2) Every one of these motors have been recovered and inspected. This is extremely valuable as you know how close to your margins you are actually operating. No other stage/motor has this advantage."

This is a perfect example of bait and switch. Your arguments are no longer applicable

1. This is no longer applicable. The 5 segment SRB can not consider the 4 segment shuttle SRB as part of its legacy. There are too many changes, among them propellant shape. The only thing in common are the casings.

2. And neither will the Ares booster. They are considering to delete the recovery capability to increase performance.

Also Taurus does not use an SRB (that is a shuttle term), it uses an SRM and it is unmanned and the payloads are more ruggedized compared to other ELV's or they use heavy isolators


Posted by: Me at October 1, 2008 12:28 PM

Me wrote:
Also Taurus does not use an SRB (that is a shuttle term), it uses an SRM and it is unmanned and the payloads are more ruggedized compared to other ELV's or they use heavy isolators


The terms SRB and SRM are interchangeable. Although they refer to different things in the colloquialism of the NASA vernacular, neither one is specific to any launch platform.

That said, one could argue that SRB refers to the overall stage/system, while SRM refers to the motor alone. The two are not so easily distiguishable in a solid stage. Either way, there is nothing inaccurate or misleading in saying the the Taurus uses an SRB as its first stage.

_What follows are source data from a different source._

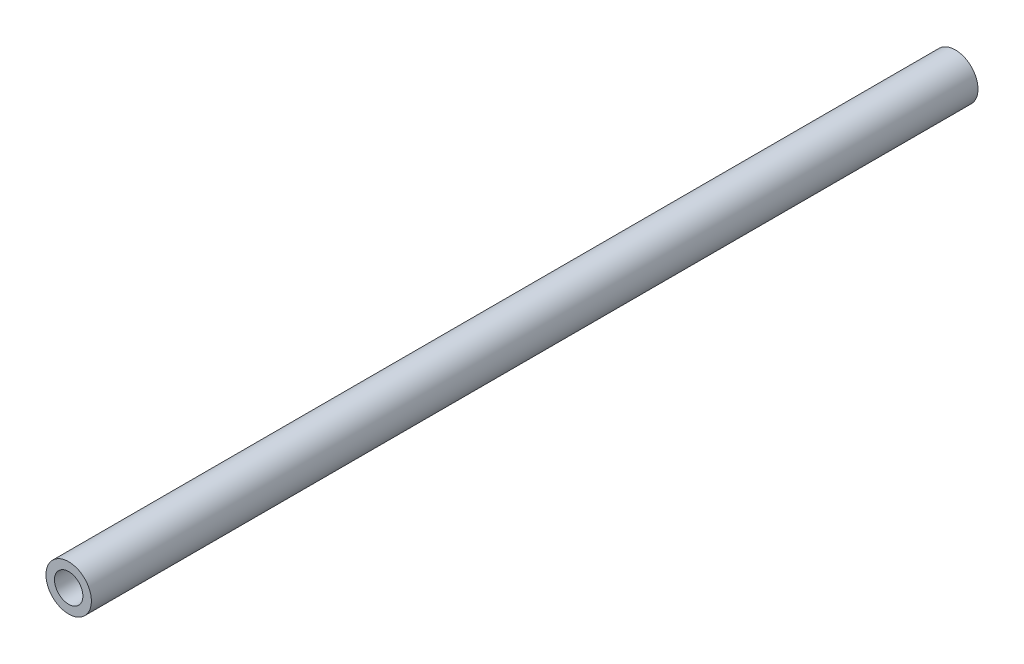
from build123d import *

# Parameters (mm, degrees)
SKETCH1_R           = 1.5875
BOSS_EXTRUDE1_DEPTH = 61.976
CUT_EXTRUDE1_REACH  = 63.976
SKETCH2_R           = 0.9921875


with BuildPart() as part:
    # Sketch1 → Boss-Extrude1 (new body)
    with BuildSketch(Plane.XY):
        Circle(SKETCH1_R)
    extrude(amount=BOSS_EXTRUDE1_DEPTH)

    # Sketch2 → Cut-Extrude1 (cut, up to next)
    with BuildSketch(Plane.XY.offset(61.976), mode=Mode.PRIVATE) as cut_extrude1_sk1:
        Circle(SKETCH2_R)
    cut_extrude1_tool1 = extrude(cut_extrude1_sk1.sketch, amount=-CUT_EXTRUDE1_REACH, mode=Mode.PRIVATE) & part.part
    add(cut_extrude1_tool1.solids().sort_by_distance((0, 0, 61.976))[0], mode=Mode.SUBTRACT)


solid = part.part
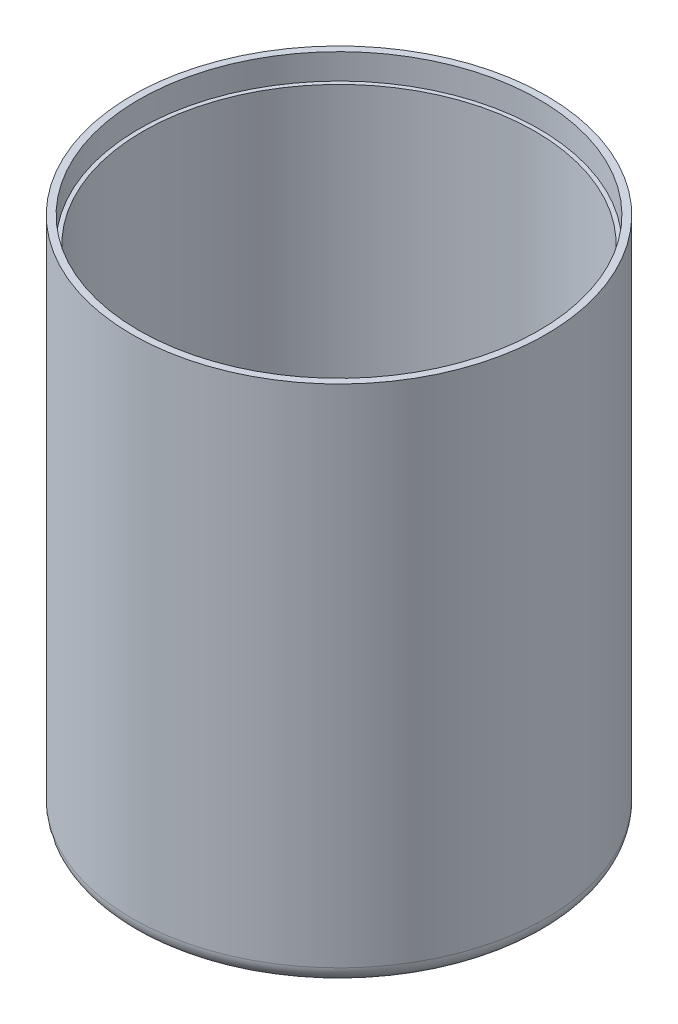
from build123d import *

# Parameters (mm, degrees)
SKETCH_8_R          = 1
CUT_EXTRUDE_1_DEPTH = 31.8
SKETCH_9_W          = 0.43
SKETCH_9_H          = 0.4
HOLE_WIZARD_M3_2_D  = 2.5
SKETCH_13_R         = 11.79
CUT_EXTRUDE_2_DEPTH = 1.5
FILLET_1_R          = 1


with BuildPart() as part:
    # 草图3 → 旋转-薄壁1 (revolve)
    with BuildSketch(Plane.XY):
        Polygon((3.225, -1.7), (3.225, 0), (12.2, 0), (12.2, 30.8), (11.55, 30.8), (11.55, 0.65), (2.575, 0.65), (2.575, -1.7), align=None)
    revolve(axis=Axis((0, -2.280125191, 0), (0, 1, 0)))

    # 草图8 → 切除-拉伸1 (cut, through all)
    with BuildSketch(Plane.XZ):
        with Locations((-8.5, 0)):
            Circle(SKETCH_8_R)
        with Locations((8.5, 0)):
            Circle(SKETCH_8_R)
    extrude(amount=-CUT_EXTRUDE_1_DEPTH, mode=Mode.SUBTRACT)

    # 草图9 → 旋转-薄壁2 (revolve)
    with BuildSketch(Plane.XY):
        with Locations((-9.715, 0.85)):
            Rectangle(SKETCH_9_W, SKETCH_9_H)
    revolve(axis=Axis((-8.5, 2.007130547, 0), (0, -1, 0)))

    # M3 螺纹孔2 (through all)
    with Locations(Plane(origin=(0, 0, 0), x_dir=(-1, 0, 0), z_dir=(0, -1, 0))):
        with Locations((8.5, 0), (-8.5, 0)):
            Hole(HOLE_WIZARD_M3_2_D / 2)

    # 草图13 → 切除-拉伸2 (cut)
    with BuildSketch(Plane(origin=(0, 30.8, 0), x_dir=(1, 0, 0), z_dir=(0, 1, 0))):
        Circle(SKETCH_13_R)
    extrude(amount=-CUT_EXTRUDE_2_DEPTH, mode=Mode.SUBTRACT)

    # 圆角1
    fillet_1_edges = [part.edges().sort_by_distance(p)[0] for p in [
        (-12.2, 0, 0),
    ]]
    fillet(fillet_1_edges, radius=FILLET_1_R)


solid = part.part
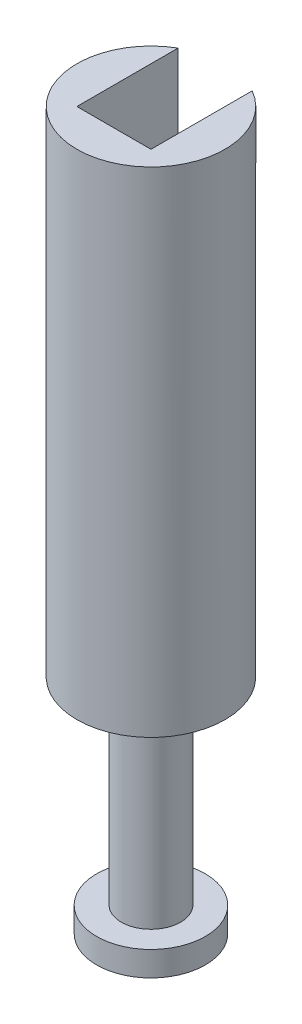
from build123d import *

# Parameters (mm, degrees)
SKETCH1_R           = 15
BOSS_EXTRUDE1_DEPTH = 100
SKETCH3_W           = 15
SKETCH3_H           = 15
CUT_EXTRUDE2_DEPTH  = 75
SKETCH2_R           = 6
BOSS_EXTRUDE2_DEPTH = 40
SKETCH4_R           = 11
BOSS_EXTRUDE3_DEPTH = 5


with BuildPart() as part:
    # Sketch1 → Boss-Extrude1 (new body)
    with BuildSketch(Plane(origin=(0, 0, 0), x_dir=(1, 0, 0), z_dir=(0, 1, 0))):
        Circle(SKETCH1_R)
    extrude(amount=BOSS_EXTRUDE1_DEPTH)

    # Sketch3 → Cut-Extrude2 (cut)
    with BuildSketch(Plane(origin=(0, 100, 0), x_dir=(1, 0, 0), z_dir=(0, 1, 0))):
        Rectangle(SKETCH3_W, SKETCH3_H)
        with BuildLine():
            Line((-7.5, 12.990381057), (-7.5, 7.5))
            Line((-7.5, 7.5), (7.5, 7.5))
            Line((7.5, 7.5), (7.5, 12.990381057))
            ThreePointArc((7.5, 12.990381057), (3.882285677, 14.488887394), (0, 15))
            ThreePointArc((0, 15), (-3.882285677, 14.488887394), (-7.5, 12.990381057))
        make_face()
    extrude(amount=-CUT_EXTRUDE2_DEPTH, mode=Mode.SUBTRACT)

    # Sketch2 → Boss-Extrude2 (add)
    with BuildSketch(Plane.XZ):
        Circle(SKETCH2_R)
    extrude(amount=BOSS_EXTRUDE2_DEPTH)

    # Sketch4 → Boss-Extrude3 (add)
    with BuildSketch(Plane(origin=(0, -40, 0), x_dir=(-1, 0, 0), z_dir=(0, -1, 0))):
        Circle(SKETCH4_R)
    extrude(amount=BOSS_EXTRUDE3_DEPTH)


solid = part.part

The liquid analogy, is a bit more clear, where the Liquid Rocket Booster (LRB) includes the Liquid Rocket Engine (LRE), tanks, feedsystem, controls, etc., The LRE, or LRM if you will, is clearly distinct from the rest of the stage.

Posted by: Einstein at October 1, 2008 2:13 PM

On the prior observations about the Shuttle solid rocket boosters having a very extensive track record, one that is assisted by post-flight analysis of the hardware, how would one count the record of other Shuttle parts such as Orbiters, Tanks and Orbiter main and orbital engines and propulsion systems? The orbiters have 3 engines. So if we count 200 boosters as history, 2 per flight over about a hundred flights, should we not count the engines as having had 300 flights, 3 per flight over about a hundred flights? Yes, the tank, a part of the propulsion system, is discarded, but would that just "discount" the liquid propulsion systems down to about the same 200 as the SRB's?

Point being, which type system has more promise for one day having routine flights to space, such as Grandma visiting the kids over at Station 42?

Posted by: A NASA Engineer at October 2, 2008 9:58 AM

Excuse me, but after reading all this, I'm going to have a good stiff drink to the memory of Wernher von Braun.

Perhaps I should learn to speak Hindustani.